» **Brief**: Work out how many lines of the material contain the string "opacity". Respond with the number only.

» **Records for this exercise**:
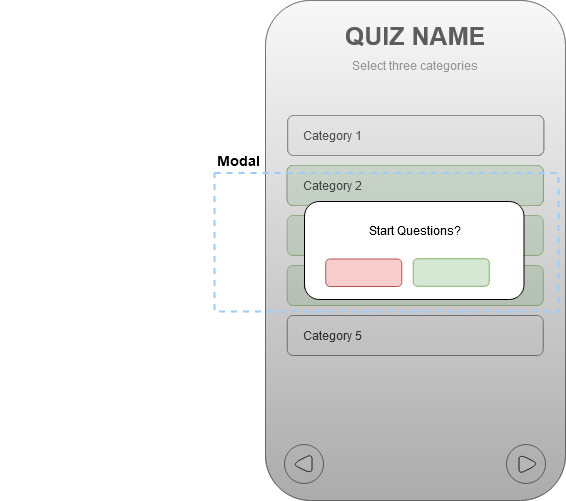

The diagram above was exported from draw.io. Its source (the exported page's mxGraphModel, read from the mxfile embedded in the PNG):
<mxGraphModel dx="1422" dy="763" grid="1" gridSize="10" guides="1" tooltips="1" connect="1" arrows="1" fold="1" page="1" pageScale="1" pageWidth="827" pageHeight="1169" math="0" shadow="0">
  <root>
    <mxCell id="7LSTbXP3qZ76idgJsObd-0" />
    <mxCell id="7LSTbXP3qZ76idgJsObd-1" parent="7LSTbXP3qZ76idgJsObd-0" />
    <mxCell id="7LSTbXP3qZ76idgJsObd-2" value="" style="whiteSpace=wrap;html=1;rounded=1;strokeColor=#666666;fillColor=#FCFCFC;gradientDirection=south;gradientColor=#F7F7F7;" parent="7LSTbXP3qZ76idgJsObd-1" vertex="1">
      <mxGeometry x="274" y="345" width="300" height="500" as="geometry" />
    </mxCell>
    <mxCell id="7LSTbXP3qZ76idgJsObd-3" value="&lt;b&gt;&lt;font style=&quot;font-size: 25px&quot;&gt;QUIZ NAME&lt;/font&gt;&lt;/b&gt;" style="text;html=1;strokeColor=none;fillColor=none;align=center;verticalAlign=middle;whiteSpace=wrap;rounded=0;shadow=0;glass=0;sketch=0;" parent="7LSTbXP3qZ76idgJsObd-1" vertex="1">
      <mxGeometry x="341" y="370" width="166" height="20" as="geometry" />
    </mxCell>
    <mxCell id="7LSTbXP3qZ76idgJsObd-4" value="" style="ellipse;whiteSpace=wrap;html=1;aspect=fixed;rounded=1;shadow=0;glass=0;sketch=0;fillColor=#f5f5f5;strokeColor=#666666;fontColor=#333333;" parent="7LSTbXP3qZ76idgJsObd-1" vertex="1">
      <mxGeometry x="293" y="789" width="39" height="39" as="geometry" />
    </mxCell>
    <mxCell id="7LSTbXP3qZ76idgJsObd-5" value="" style="triangle;whiteSpace=wrap;html=1;rounded=1;shadow=0;glass=0;sketch=0;rotation=-180;" parent="7LSTbXP3qZ76idgJsObd-1" vertex="1">
      <mxGeometry x="300.5" y="798.5" width="20" height="20" as="geometry" />
    </mxCell>
    <mxCell id="7LSTbXP3qZ76idgJsObd-6" value="" style="ellipse;whiteSpace=wrap;html=1;aspect=fixed;rounded=1;shadow=0;glass=0;sketch=0;fillColor=#f5f5f5;strokeColor=#666666;fontColor=#333333;" parent="7LSTbXP3qZ76idgJsObd-1" vertex="1">
      <mxGeometry x="515" y="789" width="39" height="39" as="geometry" />
    </mxCell>
    <mxCell id="7LSTbXP3qZ76idgJsObd-7" value="" style="triangle;whiteSpace=wrap;html=1;rounded=1;shadow=0;glass=0;sketch=0;rotation=0;" parent="7LSTbXP3qZ76idgJsObd-1" vertex="1">
      <mxGeometry x="527.5" y="798.5" width="20" height="20" as="geometry" />
    </mxCell>
    <mxCell id="7LSTbXP3qZ76idgJsObd-8" value="" style="rounded=1;whiteSpace=wrap;html=1;shadow=0;glass=0;sketch=0;fillColor=#FCFCFC;gradientColor=#F7F7F7;align=left;" parent="7LSTbXP3qZ76idgJsObd-1" vertex="1">
      <mxGeometry x="296.25" y="460" width="256" height="40" as="geometry" />
    </mxCell>
    <mxCell id="7LSTbXP3qZ76idgJsObd-9" value="" style="rounded=1;whiteSpace=wrap;html=1;shadow=0;glass=0;sketch=0;fillColor=#FCFCFC;gradientColor=#F7F7F7;align=left;" parent="7LSTbXP3qZ76idgJsObd-1" vertex="1">
      <mxGeometry x="295.75" y="510" width="256" height="40" as="geometry" />
    </mxCell>
    <mxCell id="7LSTbXP3qZ76idgJsObd-10" value="" style="rounded=1;whiteSpace=wrap;html=1;shadow=0;glass=0;sketch=0;fillColor=#d5e8d4;align=left;strokeColor=#82b366;" parent="7LSTbXP3qZ76idgJsObd-1" vertex="1">
      <mxGeometry x="295.75" y="560" width="256" height="40" as="geometry" />
    </mxCell>
    <mxCell id="7LSTbXP3qZ76idgJsObd-11" value="" style="rounded=1;whiteSpace=wrap;html=1;shadow=0;glass=0;sketch=0;fillColor=#d5e8d4;align=left;strokeColor=#82b366;" parent="7LSTbXP3qZ76idgJsObd-1" vertex="1">
      <mxGeometry x="295.75" y="610" width="256" height="40" as="geometry" />
    </mxCell>
    <mxCell id="7LSTbXP3qZ76idgJsObd-12" value="" style="rounded=1;whiteSpace=wrap;html=1;shadow=0;glass=0;sketch=0;fillColor=#f5f5f5;align=left;strokeColor=#666666;fontColor=#333333;" parent="7LSTbXP3qZ76idgJsObd-1" vertex="1">
      <mxGeometry x="295.75" y="660" width="256" height="40" as="geometry" />
    </mxCell>
    <mxCell id="7LSTbXP3qZ76idgJsObd-13" value="" style="rounded=1;whiteSpace=wrap;html=1;shadow=0;glass=0;sketch=0;fillColor=#f5f5f5;align=left;strokeColor=#666666;fontColor=#333333;" parent="7LSTbXP3qZ76idgJsObd-1" vertex="1">
      <mxGeometry x="296.25" y="460" width="256" height="40" as="geometry" />
    </mxCell>
    <mxCell id="7LSTbXP3qZ76idgJsObd-14" value="" style="rounded=1;whiteSpace=wrap;html=1;shadow=0;glass=0;sketch=0;fillColor=#d5e8d4;align=left;strokeColor=#82b366;" parent="7LSTbXP3qZ76idgJsObd-1" vertex="1">
      <mxGeometry x="295.75" y="510" width="256" height="40" as="geometry" />
    </mxCell>
    <mxCell id="7LSTbXP3qZ76idgJsObd-15" value="Category 1" style="text;html=1;strokeColor=none;fillColor=none;align=center;verticalAlign=middle;whiteSpace=wrap;rounded=0;shadow=0;glass=0;sketch=0;" parent="7LSTbXP3qZ76idgJsObd-1" vertex="1">
      <mxGeometry x="300.5" y="470" width="79.5" height="20" as="geometry" />
    </mxCell>
    <mxCell id="7LSTbXP3qZ76idgJsObd-16" value="Category 2" style="text;html=1;strokeColor=none;fillColor=none;align=center;verticalAlign=middle;whiteSpace=wrap;rounded=0;shadow=0;glass=0;sketch=0;" parent="7LSTbXP3qZ76idgJsObd-1" vertex="1">
      <mxGeometry x="300.5" y="520" width="79.5" height="20" as="geometry" />
    </mxCell>
    <mxCell id="7LSTbXP3qZ76idgJsObd-17" value="Category 3" style="text;html=1;strokeColor=none;fillColor=none;align=center;verticalAlign=middle;whiteSpace=wrap;rounded=0;shadow=0;glass=0;sketch=0;" parent="7LSTbXP3qZ76idgJsObd-1" vertex="1">
      <mxGeometry x="301.5" y="570" width="79.5" height="20" as="geometry" />
    </mxCell>
    <mxCell id="7LSTbXP3qZ76idgJsObd-18" value="Category 4" style="text;html=1;strokeColor=none;fillColor=none;align=center;verticalAlign=middle;whiteSpace=wrap;rounded=0;shadow=0;glass=0;sketch=0;" parent="7LSTbXP3qZ76idgJsObd-1" vertex="1">
      <mxGeometry x="300.5" y="620" width="79.5" height="20" as="geometry" />
    </mxCell>
    <mxCell id="7LSTbXP3qZ76idgJsObd-19" value="Category 5" style="text;html=1;strokeColor=none;fillColor=none;align=center;verticalAlign=middle;whiteSpace=wrap;rounded=0;shadow=0;glass=0;sketch=0;" parent="7LSTbXP3qZ76idgJsObd-1" vertex="1">
      <mxGeometry x="300.5" y="670" width="79.5" height="20" as="geometry" />
    </mxCell>
    <mxCell id="7LSTbXP3qZ76idgJsObd-20" value="Select three categories" style="text;html=1;strokeColor=none;fillColor=none;align=center;verticalAlign=middle;whiteSpace=wrap;rounded=0;shadow=0;glass=0;sketch=0;fontColor=#6B6B6B;" parent="7LSTbXP3qZ76idgJsObd-1" vertex="1">
      <mxGeometry x="349.38" y="400" width="148.75" height="20" as="geometry" />
    </mxCell>
    <mxCell id="zS9_2SHWt86Ah_8NPtez-0" value="" style="whiteSpace=wrap;html=1;rounded=1;fillColor=#f5f5f5;strokeColor=#666666;opacity=40;gradientColor=#3B3B3B;" parent="7LSTbXP3qZ76idgJsObd-1" vertex="1">
      <mxGeometry x="274" y="345" width="300" height="500" as="geometry" />
    </mxCell>
    <mxCell id="zS9_2SHWt86Ah_8NPtez-1" value="" style="group" parent="7LSTbXP3qZ76idgJsObd-1" vertex="1" connectable="0">
      <mxGeometry x="9" y="523.5" width="219.5" height="98" as="geometry" />
    </mxCell>
    <mxCell id="zS9_2SHWt86Ah_8NPtez-2" value="" style="group" parent="zS9_2SHWt86Ah_8NPtez-1" vertex="1" connectable="0">
      <mxGeometry x="314" y="26" width="219.5" height="98" as="geometry" />
    </mxCell>
    <mxCell id="zS9_2SHWt86Ah_8NPtez-3" value="" style="group" parent="zS9_2SHWt86Ah_8NPtez-2" vertex="1" connectable="0">
      <mxGeometry x="-10" y="-3.5" width="219.5" height="98" as="geometry" />
    </mxCell>
    <mxCell id="zS9_2SHWt86Ah_8NPtez-4" value="" style="rounded=1;whiteSpace=wrap;html=1;shadow=0;glass=0;sketch=0;" parent="zS9_2SHWt86Ah_8NPtez-3" vertex="1">
      <mxGeometry width="219.5" height="98" as="geometry" />
    </mxCell>
    <mxCell id="zS9_2SHWt86Ah_8NPtez-5" value="Start Questions?" style="text;html=1;strokeColor=none;fillColor=none;align=center;verticalAlign=middle;whiteSpace=wrap;rounded=0;shadow=0;glass=0;sketch=0;opacity=40;" parent="zS9_2SHWt86Ah_8NPtez-3" vertex="1">
      <mxGeometry x="28.25" y="18.5" width="165" height="20" as="geometry" />
    </mxCell>
    <mxCell id="zS9_2SHWt86Ah_8NPtez-6" value="" style="rounded=1;whiteSpace=wrap;html=1;shadow=0;glass=0;sketch=0;fillColor=#d5e8d4;strokeColor=#82b366;" parent="zS9_2SHWt86Ah_8NPtez-3" vertex="1">
      <mxGeometry x="108.75" y="57.25" width="76" height="27.5" as="geometry" />
    </mxCell>
    <mxCell id="zS9_2SHWt86Ah_8NPtez-7" value="" style="rounded=1;whiteSpace=wrap;html=1;shadow=0;glass=0;sketch=0;fillColor=#f8cecc;strokeColor=#b85450;" parent="zS9_2SHWt86Ah_8NPtez-3" vertex="1">
      <mxGeometry x="21.25" y="57.5" width="76" height="27.5" as="geometry" />
    </mxCell>
    <mxCell id="xMU2cFAoKBzg0uBYzTuw-0" value="" style="rounded=0;whiteSpace=wrap;html=1;fillColor=none;dashed=1;strokeWidth=2;strokeColor=#99CCFF;" vertex="1" parent="7LSTbXP3qZ76idgJsObd-1">
      <mxGeometry x="223" y="517.5" width="344" height="138.5" as="geometry" />
    </mxCell>
    <mxCell id="xMU2cFAoKBzg0uBYzTuw-1" value="&lt;b&gt;&lt;font style=&quot;font-size: 14px&quot;&gt;Modal&lt;/font&gt;&lt;/b&gt;" style="text;html=1;strokeColor=none;fillColor=none;align=center;verticalAlign=middle;whiteSpace=wrap;rounded=0;dashed=1;" vertex="1" parent="7LSTbXP3qZ76idgJsObd-1">
      <mxGeometry x="227" y="495" width="40" height="20" as="geometry" />
    </mxCell>
  </root>
</mxGraphModel>

» **Task solution**: 2